Extracted records:
▬▬▬▬▬▬

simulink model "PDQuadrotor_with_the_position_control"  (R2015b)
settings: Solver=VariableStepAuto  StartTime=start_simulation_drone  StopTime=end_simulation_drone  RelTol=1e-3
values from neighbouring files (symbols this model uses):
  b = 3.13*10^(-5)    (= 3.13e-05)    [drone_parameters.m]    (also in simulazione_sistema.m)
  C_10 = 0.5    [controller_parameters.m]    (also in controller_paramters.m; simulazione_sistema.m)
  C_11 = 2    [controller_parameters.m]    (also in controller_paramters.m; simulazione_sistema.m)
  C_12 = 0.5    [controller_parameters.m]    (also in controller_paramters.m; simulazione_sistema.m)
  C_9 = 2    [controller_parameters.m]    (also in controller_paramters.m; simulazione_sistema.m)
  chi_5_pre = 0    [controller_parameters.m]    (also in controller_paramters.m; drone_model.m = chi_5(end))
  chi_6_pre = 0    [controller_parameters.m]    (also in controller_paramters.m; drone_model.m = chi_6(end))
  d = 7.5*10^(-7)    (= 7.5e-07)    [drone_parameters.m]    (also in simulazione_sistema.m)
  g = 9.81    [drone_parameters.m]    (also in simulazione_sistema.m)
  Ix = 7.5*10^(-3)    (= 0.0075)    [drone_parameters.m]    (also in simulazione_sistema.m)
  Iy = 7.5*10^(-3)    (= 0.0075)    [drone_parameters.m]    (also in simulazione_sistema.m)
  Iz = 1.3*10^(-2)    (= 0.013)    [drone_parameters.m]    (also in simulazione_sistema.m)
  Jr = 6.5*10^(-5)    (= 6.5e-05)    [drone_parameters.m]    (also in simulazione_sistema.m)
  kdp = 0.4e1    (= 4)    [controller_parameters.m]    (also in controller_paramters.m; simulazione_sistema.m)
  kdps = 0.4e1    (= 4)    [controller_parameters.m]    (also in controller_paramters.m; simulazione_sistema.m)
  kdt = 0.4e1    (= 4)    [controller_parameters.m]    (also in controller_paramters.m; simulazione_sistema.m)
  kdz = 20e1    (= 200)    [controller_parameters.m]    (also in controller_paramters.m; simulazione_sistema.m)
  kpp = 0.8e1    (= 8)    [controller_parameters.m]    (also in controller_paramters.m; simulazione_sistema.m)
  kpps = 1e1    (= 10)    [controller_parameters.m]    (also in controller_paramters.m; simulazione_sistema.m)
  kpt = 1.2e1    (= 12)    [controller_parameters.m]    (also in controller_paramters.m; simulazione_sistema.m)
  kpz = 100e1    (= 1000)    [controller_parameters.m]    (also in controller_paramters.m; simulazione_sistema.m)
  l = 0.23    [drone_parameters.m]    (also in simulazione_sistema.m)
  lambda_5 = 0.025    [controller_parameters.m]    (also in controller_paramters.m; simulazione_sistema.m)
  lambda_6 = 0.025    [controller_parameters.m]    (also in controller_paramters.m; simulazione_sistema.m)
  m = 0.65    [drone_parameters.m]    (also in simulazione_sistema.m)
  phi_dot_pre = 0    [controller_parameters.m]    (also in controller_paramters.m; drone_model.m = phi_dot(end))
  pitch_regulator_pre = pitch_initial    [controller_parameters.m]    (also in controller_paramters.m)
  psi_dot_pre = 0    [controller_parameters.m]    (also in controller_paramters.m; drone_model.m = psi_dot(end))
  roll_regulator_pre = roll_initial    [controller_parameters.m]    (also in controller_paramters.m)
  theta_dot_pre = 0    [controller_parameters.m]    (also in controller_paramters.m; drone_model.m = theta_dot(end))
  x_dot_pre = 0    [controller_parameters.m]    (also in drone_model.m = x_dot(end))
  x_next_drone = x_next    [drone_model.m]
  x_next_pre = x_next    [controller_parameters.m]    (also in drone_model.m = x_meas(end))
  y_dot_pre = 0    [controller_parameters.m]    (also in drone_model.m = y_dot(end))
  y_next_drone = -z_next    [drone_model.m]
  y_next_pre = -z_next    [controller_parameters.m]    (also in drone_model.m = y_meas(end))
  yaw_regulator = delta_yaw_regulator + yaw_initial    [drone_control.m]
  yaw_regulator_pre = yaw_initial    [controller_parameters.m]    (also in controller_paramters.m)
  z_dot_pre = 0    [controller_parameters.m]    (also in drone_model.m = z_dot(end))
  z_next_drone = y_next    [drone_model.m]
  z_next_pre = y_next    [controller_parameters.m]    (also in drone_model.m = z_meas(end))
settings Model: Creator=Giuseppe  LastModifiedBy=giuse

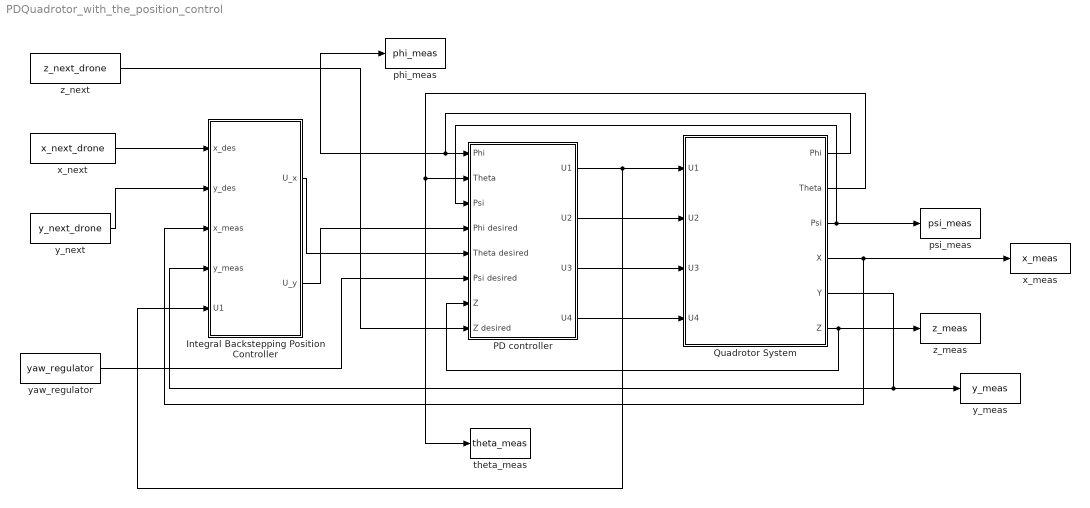
== system PDQuadrotor_with_the_position_control ==
  Integral Backstepping Position Controller : Subsystem
  PD controller : Subsystem
  Quadrotor System : Subsystem
  phi_meas : ToWorkspace  VariableName=phi_meas  SampleTime=-1
  psi_meas : ToWorkspace  VariableName=psi_meas  SampleTime=-1
  theta_meas : ToWorkspace  VariableName=theta_meas  SampleTime=-1
  "x_meas " : ToWorkspace  VariableName=x_meas  SampleTime=-1
  x_next : Constant  Value=x_next_drone
  y_meas : ToWorkspace  VariableName=y_meas  SampleTime=-1
  y_next : Constant  Value=y_next_drone
  yaw_regulator : Constant  Value=yaw_regulator
  z_meas : ToWorkspace  VariableName=z_meas  SampleTime=-1
  z_next : Constant  Value=z_next_drone
  wires:
  PD controller/1(U1) -> Integral Backstepping Position Controller/5(U1), Quadrotor System/1(U1)
  PD controller/2(U2) -> Quadrotor System/2(U2)
  PD controller/3(U3) -> Quadrotor System/3(U3)
  PD controller/4(U4) -> Quadrotor System/4(U4)
  Quadrotor System/6(Z) -> PD controller/7(Z), z_meas/1
  Quadrotor System/1(Phi) -> PD controller/1(Phi), phi_meas/1
  Quadrotor System/2(Theta) -> theta_meas/1, PD controller/2(Theta)
  Quadrotor System/3(Psi) -> PD controller/3(Psi), psi_meas/1
  Integral Backstepping Position Controller/2(U_y) -> PD controller/4(Phi desired)
  Integral Backstepping Position Controller/1(U_x) -> PD controller/5(Theta desired)
  z_next/1 -> PD controller/8(Z desired)
  Quadrotor System/5(Y) -> Integral Backstepping Position Controller/4(y_meas), y_meas/1
  yaw_regulator/1 -> PD controller/6(Psi desired)
  y_next/1 -> Integral Backstepping Position Controller/2(y_des)
  x_next/1 -> Integral Backstepping Position Controller/1(x_des)
  Quadrotor System/4(X) -> Integral Backstepping Position Controller/3(x_meas), "x_meas "/1

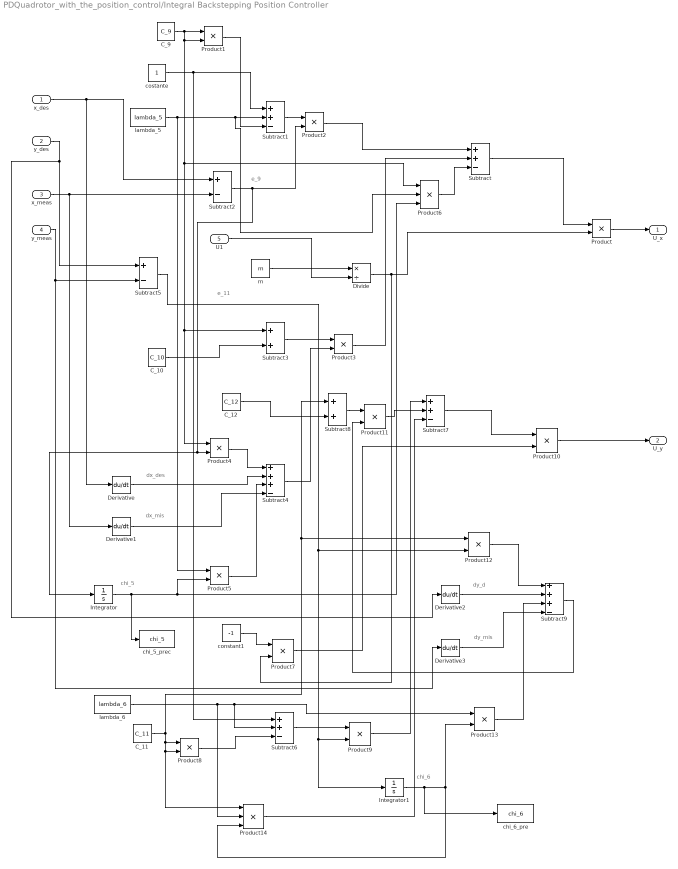
== system PDQuadrotor_with_the_position_control/Integral Backstepping Position Controller ==
  note: chi_6
  note: dy_mis
  note: dy_d
  note: e_11
  note: chi_5
  note: dx_des
  note: dx_mis
  note: e_9
  x_des : Inport
  y_des : Inport  Port=2
  x_meas : Inport  Port=3
  y_meas : Inport  Port=4
  U1 : Inport  Port=5
  C_10 : Constant  Value=C_10
  C_11 : Constant  Value=C_11
  C_12 : Constant  Value=C_12
  C_9 : Constant  Value=C_9
  Derivative{,1..3} (4 alike) : Derivative
  Divide : Product  Inputs=*/
  Integrator : Integrator  InitialCondition=chi_5_pre
  Integrator1 : Integrator  InitialCondition=chi_6_pre
  Product{,1..5,7..13} (13 alike) : Product
  Product14 : Product  Inputs=3
  Product6 : Product  Inputs=3
  Subtract{,1,6..7} (4 alike) : Sum  Inputs=++-
  Subtract2 : Sum  Inputs=+-
  Subtract3 : Sum
  Subtract4 : Sum  Inputs=+++-
  Subtract5 : Sum  Inputs=+-
  Subtract8 : Sum
  Subtract9 : Sum  Inputs=+++-
  chi_5_prec : ToWorkspace  VariableName=chi_5  SampleTime=-1
  chi_6_pre : ToWorkspace  VariableName=chi_6  SampleTime=-1
  constant1 : Constant  Value=-1
  costante : Constant
  lambda_5 : Constant  Value=lambda_5
  lambda_6 : Constant  Value=lambda_6
  m : Constant  Value=m
  U_x : Outport
  U_y : Outport  Port=2
  wires:
  m/1 -> Divide/1
  U1/1 -> Divide/2
  Divide/1 -> Product7/2, Product/2
  Subtract/1 -> Product/1
  costante/1 -> Subtract6/1, Subtract1/1
  lambda_5/1 -> Product6/2, Subtract1/2, Product5/1
  C_9/1 -> Product6/1, Subtract3/1, Product4/1, Product1/2, Product1/1
  Product1/1 -> Subtract1/3
  Subtract1/1 -> Product2/1
  Subtract2/1 -> Integrator/1, Product4/2, Product2/2
  x_des/1 -> Derivative/1, Subtract2/1
  x_meas/1 -> Derivative1/1, Subtract2/2
  Product2/1 -> Subtract/1
  Subtract3/1 -> Product3/1
  C_10/1 -> Subtract3/2
  Subtract4/1 -> Product3/2
  Product4/1 -> Subtract4/1
  Derivative/1 -> Subtract4/2
  Derivative1/1 -> Subtract4/4
  Product5/1 -> Subtract4/3
  Integrator/1 -> chi_5_prec/1, Product6/3, Product5/2
  Product3/1 -> Subtract/2
  Product/1 -> U_x/1
  Product6/1 -> Subtract/3
  constant1/1 -> Product7/1
  C_11/1 -> Product12/1, Subtract8/1, Product14/1, Product8/2, Product8/1
  Product8/1 -> Subtract6/3
  lambda_6/1 -> Product14/2, Subtract6/2, Product13/1
  Subtract6/1 -> Product9/1
  y_des/1 -> Subtract5/1, Derivative2/1
  y_meas/1 -> Subtract5/2, Derivative3/1
  Subtract5/1 -> Product12/2, Product9/2, Integrator1/1
  Product10/1 -> U_y/1
  Subtract7/1 -> Product10/1
  Product7/1 -> Product10/2
  Product9/1 -> Subtract7/1
  C_12/1 -> Subtract8/2
  Subtract8/1 -> Product11/1
  Product11/1 -> Subtract7/2
  Subtract9/1 -> Product11/2
  Product12/1 -> Subtract9/1
  Derivative2/1 -> Subtract9/2
  Derivative3/1 -> Subtract9/4
  Product13/1 -> Subtract9/3
  Integrator1/1 -> chi_6_pre/1, Product14/3, Product13/2
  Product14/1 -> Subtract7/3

▬▬▬▬▬▬

The task:
Of all the entries above, how many lines contain the string "note"? Answer with the number only.

Answer to this task:
8